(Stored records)
=-=-=
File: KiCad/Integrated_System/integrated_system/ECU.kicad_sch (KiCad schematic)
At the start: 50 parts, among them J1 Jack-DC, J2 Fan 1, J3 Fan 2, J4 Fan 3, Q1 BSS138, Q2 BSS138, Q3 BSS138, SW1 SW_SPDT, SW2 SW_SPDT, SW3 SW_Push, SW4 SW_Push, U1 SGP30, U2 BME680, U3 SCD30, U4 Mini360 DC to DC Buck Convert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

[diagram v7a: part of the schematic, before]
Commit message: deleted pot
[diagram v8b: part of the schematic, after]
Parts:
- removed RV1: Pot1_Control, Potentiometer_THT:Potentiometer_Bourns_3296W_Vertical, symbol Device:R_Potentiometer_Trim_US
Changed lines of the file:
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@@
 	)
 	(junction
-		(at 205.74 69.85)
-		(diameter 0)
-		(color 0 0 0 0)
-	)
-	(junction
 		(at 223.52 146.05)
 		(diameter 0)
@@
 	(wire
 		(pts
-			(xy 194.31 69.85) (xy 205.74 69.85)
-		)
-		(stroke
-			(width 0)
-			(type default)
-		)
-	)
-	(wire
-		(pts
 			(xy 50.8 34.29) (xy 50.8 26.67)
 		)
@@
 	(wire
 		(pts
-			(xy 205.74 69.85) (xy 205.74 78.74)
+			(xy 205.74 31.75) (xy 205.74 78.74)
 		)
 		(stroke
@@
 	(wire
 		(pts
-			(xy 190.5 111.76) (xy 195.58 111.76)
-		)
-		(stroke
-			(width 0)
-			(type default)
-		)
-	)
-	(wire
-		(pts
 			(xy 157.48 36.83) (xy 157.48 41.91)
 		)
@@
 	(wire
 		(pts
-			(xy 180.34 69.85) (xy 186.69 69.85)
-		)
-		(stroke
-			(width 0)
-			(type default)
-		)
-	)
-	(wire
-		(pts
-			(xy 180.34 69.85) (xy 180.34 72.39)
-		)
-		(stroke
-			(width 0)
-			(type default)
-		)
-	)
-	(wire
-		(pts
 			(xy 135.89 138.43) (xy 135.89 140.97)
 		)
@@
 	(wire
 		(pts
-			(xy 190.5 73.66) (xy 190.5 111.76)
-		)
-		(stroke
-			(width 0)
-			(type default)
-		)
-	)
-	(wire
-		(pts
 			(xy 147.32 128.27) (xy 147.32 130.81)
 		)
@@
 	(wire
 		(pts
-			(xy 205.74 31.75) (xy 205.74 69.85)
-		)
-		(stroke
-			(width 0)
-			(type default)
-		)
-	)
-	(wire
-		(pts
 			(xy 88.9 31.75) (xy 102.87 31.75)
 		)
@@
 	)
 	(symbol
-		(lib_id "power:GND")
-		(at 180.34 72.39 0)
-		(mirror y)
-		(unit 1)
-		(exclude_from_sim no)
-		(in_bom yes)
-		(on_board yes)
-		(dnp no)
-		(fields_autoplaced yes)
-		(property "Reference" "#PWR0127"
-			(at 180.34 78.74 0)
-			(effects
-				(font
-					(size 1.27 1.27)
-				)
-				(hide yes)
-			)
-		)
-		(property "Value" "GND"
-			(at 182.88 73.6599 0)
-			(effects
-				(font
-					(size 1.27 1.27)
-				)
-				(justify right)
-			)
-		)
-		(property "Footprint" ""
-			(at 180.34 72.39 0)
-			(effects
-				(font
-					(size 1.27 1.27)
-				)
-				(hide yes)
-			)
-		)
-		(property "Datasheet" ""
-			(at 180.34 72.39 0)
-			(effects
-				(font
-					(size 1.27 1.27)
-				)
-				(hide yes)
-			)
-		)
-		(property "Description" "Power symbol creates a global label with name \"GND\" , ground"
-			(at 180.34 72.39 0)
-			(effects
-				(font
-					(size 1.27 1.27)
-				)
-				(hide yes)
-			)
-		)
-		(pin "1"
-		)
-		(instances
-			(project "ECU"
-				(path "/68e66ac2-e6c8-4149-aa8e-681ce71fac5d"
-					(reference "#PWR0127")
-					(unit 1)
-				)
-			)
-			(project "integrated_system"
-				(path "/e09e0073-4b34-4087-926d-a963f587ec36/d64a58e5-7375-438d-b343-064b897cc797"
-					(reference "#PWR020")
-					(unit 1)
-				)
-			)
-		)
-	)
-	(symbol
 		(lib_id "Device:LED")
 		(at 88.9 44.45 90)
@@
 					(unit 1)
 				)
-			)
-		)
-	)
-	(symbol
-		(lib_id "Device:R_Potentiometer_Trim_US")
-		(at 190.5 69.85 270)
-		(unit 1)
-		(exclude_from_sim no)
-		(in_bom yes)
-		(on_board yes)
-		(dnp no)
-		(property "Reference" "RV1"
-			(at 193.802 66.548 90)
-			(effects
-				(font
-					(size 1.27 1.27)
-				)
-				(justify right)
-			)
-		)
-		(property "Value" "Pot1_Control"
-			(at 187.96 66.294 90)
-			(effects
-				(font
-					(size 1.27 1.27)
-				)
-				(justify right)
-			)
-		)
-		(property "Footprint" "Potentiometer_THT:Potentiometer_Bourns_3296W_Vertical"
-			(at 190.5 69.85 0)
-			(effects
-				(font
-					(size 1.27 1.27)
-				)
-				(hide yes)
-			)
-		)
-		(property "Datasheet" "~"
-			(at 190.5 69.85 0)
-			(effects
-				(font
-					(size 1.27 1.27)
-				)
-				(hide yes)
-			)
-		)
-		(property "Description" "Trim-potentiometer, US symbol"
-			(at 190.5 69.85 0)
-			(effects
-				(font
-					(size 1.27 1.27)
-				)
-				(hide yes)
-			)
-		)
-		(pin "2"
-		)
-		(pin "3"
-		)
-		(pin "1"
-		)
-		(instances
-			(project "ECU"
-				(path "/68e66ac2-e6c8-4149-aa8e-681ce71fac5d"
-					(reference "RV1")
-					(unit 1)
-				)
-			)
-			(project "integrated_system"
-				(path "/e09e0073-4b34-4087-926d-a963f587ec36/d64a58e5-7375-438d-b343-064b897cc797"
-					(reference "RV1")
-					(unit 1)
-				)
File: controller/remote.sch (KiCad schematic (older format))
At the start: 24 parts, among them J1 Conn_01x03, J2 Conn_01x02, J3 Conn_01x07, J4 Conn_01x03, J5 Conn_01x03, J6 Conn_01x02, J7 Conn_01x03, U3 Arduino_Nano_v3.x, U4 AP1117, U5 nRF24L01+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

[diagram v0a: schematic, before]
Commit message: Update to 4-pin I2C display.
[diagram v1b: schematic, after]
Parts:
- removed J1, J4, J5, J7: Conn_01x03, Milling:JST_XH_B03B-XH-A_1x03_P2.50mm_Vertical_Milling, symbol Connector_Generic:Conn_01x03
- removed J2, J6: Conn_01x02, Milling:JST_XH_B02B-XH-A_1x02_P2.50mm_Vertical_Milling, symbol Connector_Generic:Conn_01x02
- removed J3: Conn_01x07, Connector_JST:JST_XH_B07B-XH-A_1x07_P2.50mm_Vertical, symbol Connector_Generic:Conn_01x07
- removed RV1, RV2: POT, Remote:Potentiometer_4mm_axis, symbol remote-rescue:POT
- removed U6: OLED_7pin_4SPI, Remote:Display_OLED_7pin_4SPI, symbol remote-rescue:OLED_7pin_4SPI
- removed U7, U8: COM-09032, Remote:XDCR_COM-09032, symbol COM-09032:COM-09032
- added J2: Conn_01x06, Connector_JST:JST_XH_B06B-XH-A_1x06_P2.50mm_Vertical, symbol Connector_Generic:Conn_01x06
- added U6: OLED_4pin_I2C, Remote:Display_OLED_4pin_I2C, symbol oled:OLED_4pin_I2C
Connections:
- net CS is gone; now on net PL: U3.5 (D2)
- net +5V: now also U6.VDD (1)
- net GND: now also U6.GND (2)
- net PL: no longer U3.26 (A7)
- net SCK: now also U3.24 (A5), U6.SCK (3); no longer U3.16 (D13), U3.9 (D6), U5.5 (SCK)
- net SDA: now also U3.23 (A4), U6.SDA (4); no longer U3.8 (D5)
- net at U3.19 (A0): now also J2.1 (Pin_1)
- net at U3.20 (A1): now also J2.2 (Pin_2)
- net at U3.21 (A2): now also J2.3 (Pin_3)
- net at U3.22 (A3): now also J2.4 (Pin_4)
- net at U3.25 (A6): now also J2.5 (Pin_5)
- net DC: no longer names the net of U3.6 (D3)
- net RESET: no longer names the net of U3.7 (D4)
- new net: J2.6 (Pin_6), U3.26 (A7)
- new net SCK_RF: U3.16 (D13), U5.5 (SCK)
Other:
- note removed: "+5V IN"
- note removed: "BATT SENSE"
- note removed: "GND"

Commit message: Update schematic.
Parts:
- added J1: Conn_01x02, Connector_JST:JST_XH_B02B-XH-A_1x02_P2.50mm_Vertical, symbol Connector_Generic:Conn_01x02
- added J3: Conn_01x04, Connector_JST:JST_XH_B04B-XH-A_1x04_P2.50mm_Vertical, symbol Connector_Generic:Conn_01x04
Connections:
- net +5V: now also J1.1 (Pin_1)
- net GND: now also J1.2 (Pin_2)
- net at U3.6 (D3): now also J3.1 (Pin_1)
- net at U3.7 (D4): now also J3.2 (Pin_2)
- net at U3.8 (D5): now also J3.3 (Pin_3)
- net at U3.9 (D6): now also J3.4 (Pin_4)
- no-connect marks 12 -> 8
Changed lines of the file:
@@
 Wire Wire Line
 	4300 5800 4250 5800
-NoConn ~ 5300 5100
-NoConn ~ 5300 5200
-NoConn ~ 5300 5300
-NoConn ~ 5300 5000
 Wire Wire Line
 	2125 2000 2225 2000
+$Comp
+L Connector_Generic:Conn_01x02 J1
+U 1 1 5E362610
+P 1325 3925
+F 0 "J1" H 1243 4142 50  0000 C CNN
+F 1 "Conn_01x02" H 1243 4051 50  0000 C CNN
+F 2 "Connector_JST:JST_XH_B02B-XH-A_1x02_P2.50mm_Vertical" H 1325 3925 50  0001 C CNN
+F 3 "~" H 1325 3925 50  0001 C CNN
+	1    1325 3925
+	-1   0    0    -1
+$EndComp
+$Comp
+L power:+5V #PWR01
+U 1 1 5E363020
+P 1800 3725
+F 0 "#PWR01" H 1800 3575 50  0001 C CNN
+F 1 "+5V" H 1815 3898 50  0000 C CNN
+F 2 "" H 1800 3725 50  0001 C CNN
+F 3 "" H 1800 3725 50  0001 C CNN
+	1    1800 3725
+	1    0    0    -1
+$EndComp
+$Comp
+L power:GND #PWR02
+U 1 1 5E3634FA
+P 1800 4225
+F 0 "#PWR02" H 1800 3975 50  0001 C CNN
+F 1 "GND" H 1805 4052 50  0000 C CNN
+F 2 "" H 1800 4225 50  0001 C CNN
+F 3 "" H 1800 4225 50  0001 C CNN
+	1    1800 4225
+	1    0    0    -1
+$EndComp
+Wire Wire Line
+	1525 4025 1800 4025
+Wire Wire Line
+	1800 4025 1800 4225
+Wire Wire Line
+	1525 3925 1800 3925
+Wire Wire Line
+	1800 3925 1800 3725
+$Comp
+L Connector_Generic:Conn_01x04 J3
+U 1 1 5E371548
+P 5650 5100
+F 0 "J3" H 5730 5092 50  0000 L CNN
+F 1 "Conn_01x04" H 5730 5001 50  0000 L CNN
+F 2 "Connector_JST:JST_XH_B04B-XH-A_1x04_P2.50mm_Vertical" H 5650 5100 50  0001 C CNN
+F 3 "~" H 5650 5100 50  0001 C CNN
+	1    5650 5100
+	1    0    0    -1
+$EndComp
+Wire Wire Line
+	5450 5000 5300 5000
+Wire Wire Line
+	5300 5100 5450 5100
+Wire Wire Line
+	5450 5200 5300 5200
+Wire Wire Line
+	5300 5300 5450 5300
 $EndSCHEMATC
=-=-=
▶ Problem requirements
Your answer should be the lines above, from the line containing "File: controller/remote.sch (KiCad" up to and including the line containing "[diagram v0a: schematic, before]", reproduced exactly and with nothing else.

▶ Output for this task
File: controller/remote.sch (KiCad schematic (older format))
At the start: 24 parts, among them J1 Conn_01x03, J2 Conn_01x02, J3 Conn_01x07, J4 Conn_01x03, J5 Conn_01x03, J6 Conn_01x02, J7 Conn_01x03, U3 Arduino_Nano_v3.x, U4 AP1117, U5 nRF24L01+

[diagram v0a: schematic, before]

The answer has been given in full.